To do
Every line of the records below that holds the word "schematic" should be copied out.

Record extracts
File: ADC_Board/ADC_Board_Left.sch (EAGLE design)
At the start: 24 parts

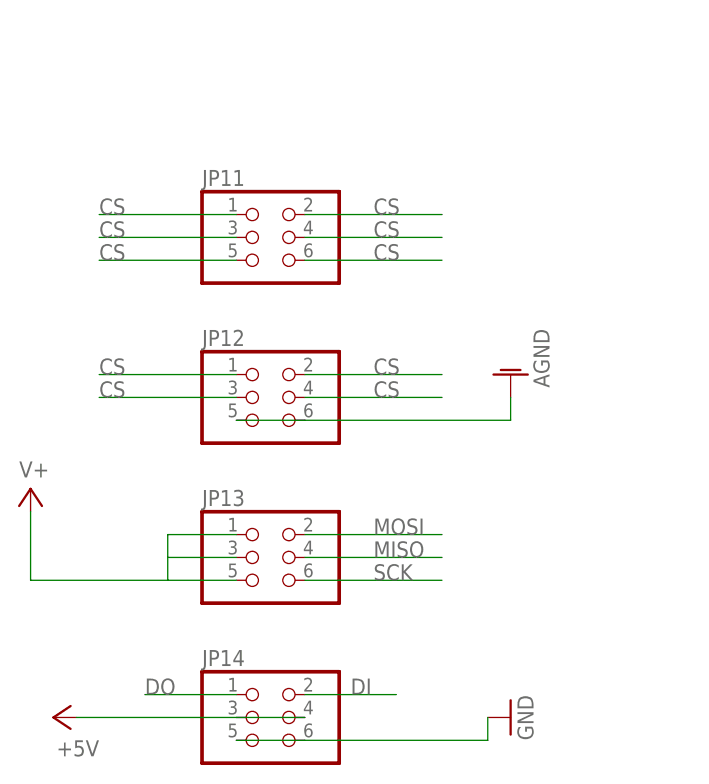
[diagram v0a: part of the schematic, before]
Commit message: Alterações ligeiras nos esquemas eléctricos das placas das ADCs.
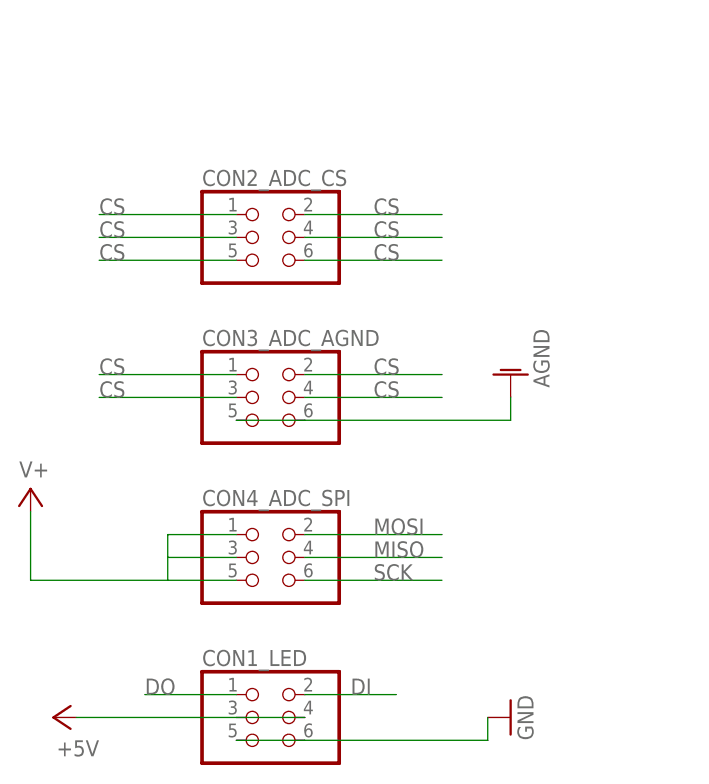
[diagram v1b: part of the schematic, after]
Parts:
- renumbered JP11 to CON2_ADC_CS, JP12 to CON3_ADC_AGND, JP13 to CON4_ADC_SPI, JP14 to CON1_LED
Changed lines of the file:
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@@
 <part name="JP9" library="pinhead" deviceset="PINHD-1X6" device=""/>
 <part name="JP10" library="pinhead" deviceset="PINHD-1X6" device=""/>
-<part name="JP11" library="pinhead" deviceset="PINHD-2X3" device=""/>
-<part name="JP12" library="pinhead" deviceset="PINHD-2X3" device=""/>
+<part name="CON2_ADC_CS" library="pinhead" deviceset="PINHD-2X3" device=""/>
+<part name="CON3_ADC_AGND" library="pinhead" deviceset="PINHD-2X3" device=""/>
 <part name="AGND1" library="supply1" deviceset="AGND" device=""/>
-<part name="JP13" library="pinhead" deviceset="PINHD-2X3" device=""/>
-<part name="JP14" library="pinhead" deviceset="PINHD-2X3" device=""/>
+<part name="CON4_ADC_SPI" library="pinhead" deviceset="PINHD-2X3" device=""/>
+<part name="CON1_LED" library="pinhead" deviceset="PINHD-2X3" device=""/>
 <part name="P+3" library="supply1" deviceset="+5V" device=""/>
 <part name="GND3" library="supply1" deviceset="GND" device=""/>
@@
 <instance part="JP9" gate="A" x="-15.24" y="111.76"/>
 <instance part="JP10" gate="A" x="-5.08" y="111.76"/>
-<instance part="JP11" gate="A" x="-78.74" y="58.42"/>
-<instance part="JP12" gate="A" x="-78.74" y="40.64"/>
+<instance part="CON2_ADC_CS" gate="A" x="-78.74" y="58.42"/>
+<instance part="CON3_ADC_AGND" gate="A" x="-78.74" y="40.64"/>
 <instance part="AGND1" gate="VR1" x="-50.8" y="43.18" rot="R180"/>
-<instance part="JP13" gate="A" x="-78.74" y="22.86"/>
-<instance part="JP14" gate="A" x="-78.74" y="5.08"/>
+<instance part="CON4_ADC_SPI" gate="A" x="-78.74" y="22.86"/>
+<instance part="CON1_LED" gate="A" x="-78.74" y="5.08"/>
 <instance part="P+3" gate="1" x="-101.6" y="5.08" rot="R90"/>
 <instance part="GND3" gate="1" x="-50.8" y="5.08" rot="R90"/>
@@
 <net name="GND" class="0">
 <segment>
-<pinref part="JP14" gate="A" pin="5"/>
-<pinref part="JP14" gate="A" pin="6"/>
+<pinref part="CON1_LED" gate="A" pin="5"/>
+<pinref part="CON1_LED" gate="A" pin="6"/>
 <wire x1="-81.28" y1="2.54" x2="-73.66" y2="2.54" width="0.1524" layer="91"/>
 <pinref part="GND3" gate="1" pin="GND"/>
@@
 </segment>
 <segment>
-<pinref part="JP14" gate="A" pin="3"/>
+<pinref part="CON1_LED" gate="A" pin="3"/>
 <pinref part="P+3" gate="1" pin="+5V"/>
 <wire x1="-99.06" y1="5.08" x2="-81.28" y2="5.08" width="0.1524" layer="91"/>
-<pinref part="JP14" gate="A" pin="4"/>
+<pinref part="CON1_LED" gate="A" pin="4"/>
 <wire x1="-81.28" y1="5.08" x2="-73.66" y2="5.08" width="0.1524" layer="91"/>
 </segment>
@@
 <segment>
 <wire x1="-73.66" y1="25.4" x2="-58.42" y2="25.4" width="0.1524" layer="91"/>
-<pinref part="JP13" gate="A" pin="2"/>
+<pinref part="CON4_ADC_SPI" gate="A" pin="2"/>
 <label x="-66.04" y="25.4" size="1.778" layer="95"/>
 </segment>
@@
 <wire x1="-73.66" y1="20.32" x2="-58.42" y2="20.32" width="0.1524" layer="91"/>
 <label x="-66.04" y="20.32" size="1.778" layer="95"/>
-<pinref part="JP13" gate="A" pin="6"/>
+<pinref part="CON4_ADC_SPI" gate="A" pin="6"/>
 </segment>
 </net>
@@
 <segment>
 <wire x1="-73.66" y1="22.86" x2="-58.42" y2="22.86" width="0.1524" layer="91"/>
-<pinref part="JP13" gate="A" pin="4"/>
+<pinref part="CON4_ADC_SPI" gate="A" pin="4"/>
 <label x="-66.04" y="22.86" size="1.778" layer="95"/>
 </segment>
@@
 </segment>
 <segment>
-<pinref part="JP13" gate="A" pin="5"/>
+<pinref part="CON4_ADC_SPI" gate="A" pin="5"/>
 <pinref part="SUPPLY4" gate="1" pin="V+"/>
 <wire x1="-81.28" y1="20.32" x2="-88.9" y2="20.32" width="0.1524" layer="91"/>
 <wire x1="-88.9" y1="20.32" x2="-104.14" y2="20.32" width="0.1524" layer="91"/>
 <wire x1="-104.14" y1="20.32" x2="-104.14" y2="27.94" width="0.1524" layer="91"/>
-<pinref part="JP13" gate="A" pin="3"/>
+<pinref part="CON4_ADC_SPI" gate="A" pin="3"/>
 <wire x1="-81.28" y1="22.86" x2="-88.9" y2="22.86" width="0.1524" layer="91"/>
 <wire x1="-88.9" y1="22.86" x2="-88.9" y2="20.32" width="0.1524" layer="91"/>
-<pinref part="JP13" gate="A" pin="1"/>
+<pinref part="CON4_ADC_SPI" gate="A" pin="1"/>
 <wire x1="-81.28" y1="25.4" x2="-88.9" y2="25.4" width="0.1524" layer="91"/>
 <wire x1="-88.9" y1="25.4" x2="-88.9" y2="22.86" width="0.1524" layer="91"/>
@@
 </segment>
 <segment>
-<pinref part="JP12" gate="A" pin="6"/>
+<pinref part="CON3_ADC_AGND" gate="A" pin="6"/>
 <pinref part="AGND1" gate="VR1" pin="AGND"/>
 <wire x1="-73.66" y1="38.1" x2="-50.8" y2="38.1" width="0.1524" layer="91"/>
 <wire x1="-50.8" y1="38.1" x2="-50.8" y2="40.64" width="0.1524" layer="91"/>
-<pinref part="JP12" gate="A" pin="5"/>
+<pinref part="CON3_ADC_AGND" gate="A" pin="5"/>
 <wire x1="-73.66" y1="38.1" x2="-81.28" y2="38.1" width="0.1524" layer="91"/>
 </segment>
@@
 <label x="-91.44" y="7.62" size="1.778" layer="95"/>
 <wire x1="-81.28" y1="7.62" x2="-91.44" y2="7.62" width="0.1524" layer="91"/>
-<pinref part="JP14" gate="A" pin="1"/>
+<pinref part="CON1_LED" gate="A" pin="1"/>
 </segment>
 <segment>
@@
 <label x="-68.58" y="7.62" size="1.778" layer="95"/>
 <wire x1="-73.66" y1="7.62" x2="-63.5" y2="7.62" width="0.1524" layer="91"/>
-<pinref part="JP14" gate="A" pin="2"/>
+<pinref part="CON1_LED" gate="A" pin="2"/>
 </segment>
 <segment>
@@
 <segment>
 <wire x1="-81.28" y1="60.96" x2="-96.52" y2="60.96" width="0.1524" layer="91"/>
-<pinref part="JP11" gate="A" pin="1"/>
+<pinref part="CON2_ADC_CS" gate="A" pin="1"/>
 <label x="-96.52" y="60.96" size="1.778" layer="95"/>
 </segment>
 <segment>
 <wire x1="-81.28" y1="58.42" x2="-96.52" y2="58.42" width="0.1524" layer="91"/>
-<pinref part="JP11" gate="A" pin="3"/>
+<pinref part="CON2_ADC_CS" gate="A" pin="3"/>
 <label x="-96.52" y="58.42" size="1.778" layer="95"/>
 </segment>
 <segment>
 <wire x1="-81.28" y1="55.88" x2="-96.52" y2="55.88" width="0.1524" layer="91"/>
-<pinref part="JP11" gate="A" pin="5"/>
+<pinref part="CON2_ADC_CS" gate="A" pin="5"/>
 <label x="-96.52" y="55.88" size="1.778" layer="95"/>
 </segment>
 <segment>
 <wire x1="-58.42" y1="60.96" x2="-73.66" y2="60.96" width="0.1524" layer="91"/>
-<pinref part="JP11" gate="A" pin="2"/>
+<pinref part="CON2_ADC_CS" gate="A" pin="2"/>
 <label x="-66.04" y="60.96" size="1.778" layer="95"/>
 </segment>
 <segment>
 <wire x1="-58.42" y1="58.42" x2="-73.66" y2="58.42" width="0.1524" layer="91"/>
-<pinref part="JP11" gate="A" pin="4"/>
+<pinref part="CON2_ADC_CS" gate="A" pin="4"/>
 <label x="-66.04" y="58.42" size="1.778" layer="95"/>
 </segment>
 <segment>
 <wire x1="-58.42" y1="55.88" x2="-73.66" y2="55.88" width="0.1524" layer="91"/>
-<pinref part="JP11" gate="A" pin="6"/>
+<pinref part="CON2_ADC_CS" gate="A" pin="6"/>
 <label x="-66.04" y="55.88" size="1.778" layer="95"/>
 </segment>
 <segment>
 <wire x1="-81.28" y1="43.18" x2="-96.52" y2="43.18" width="0.1524" layer="91"/>
-<pinref part="JP12" gate="A" pin="1"/>
+<pinref part="CON3_ADC_AGND" gate="A" pin="1"/>
 <label x="-96.52" y="43.18" size="1.778" layer="95"/>
 </segment>
 <segment>
 <wire x1="-81.28" y1="40.64" x2="-96.52" y2="40.64" width="0.1524" layer="91"/>
-<pinref part="JP12" gate="A" pin="3"/>
+<pinref part="CON3_ADC_AGND" gate="A" pin="3"/>
 <label x="-96.52" y="40.64" size="1.778" layer="95"/>
 </segment>
 <segment>
 <wire x1="-73.66" y1="43.18" x2="-58.42" y2="43.18" width="0.1524" layer="91"/>
-<pinref part="JP12" gate="A" pin="2"/>
+<pinref part="CON3_ADC_AGND" gate="A" pin="2"/>
 <label x="-66.04" y="43.18" size="1.778" layer="95"/>
 </segment>
 <segment>
 <wire x1="-73.66" y1="40.64" x2="-58.42" y2="40.64" width="0.1524" layer="91"/>
-<pinref part="JP12" gate="A" pin="4"/>
+<pinref part="CON3_ADC_AGND" gate="A" pin="4"/>
 <label x="-66.04" y="40.64" size="1.778" layer="95"/>
 </segment>

Task result
[diagram v0a: part of the schematic, before]
[diagram v1b: part of the schematic, after]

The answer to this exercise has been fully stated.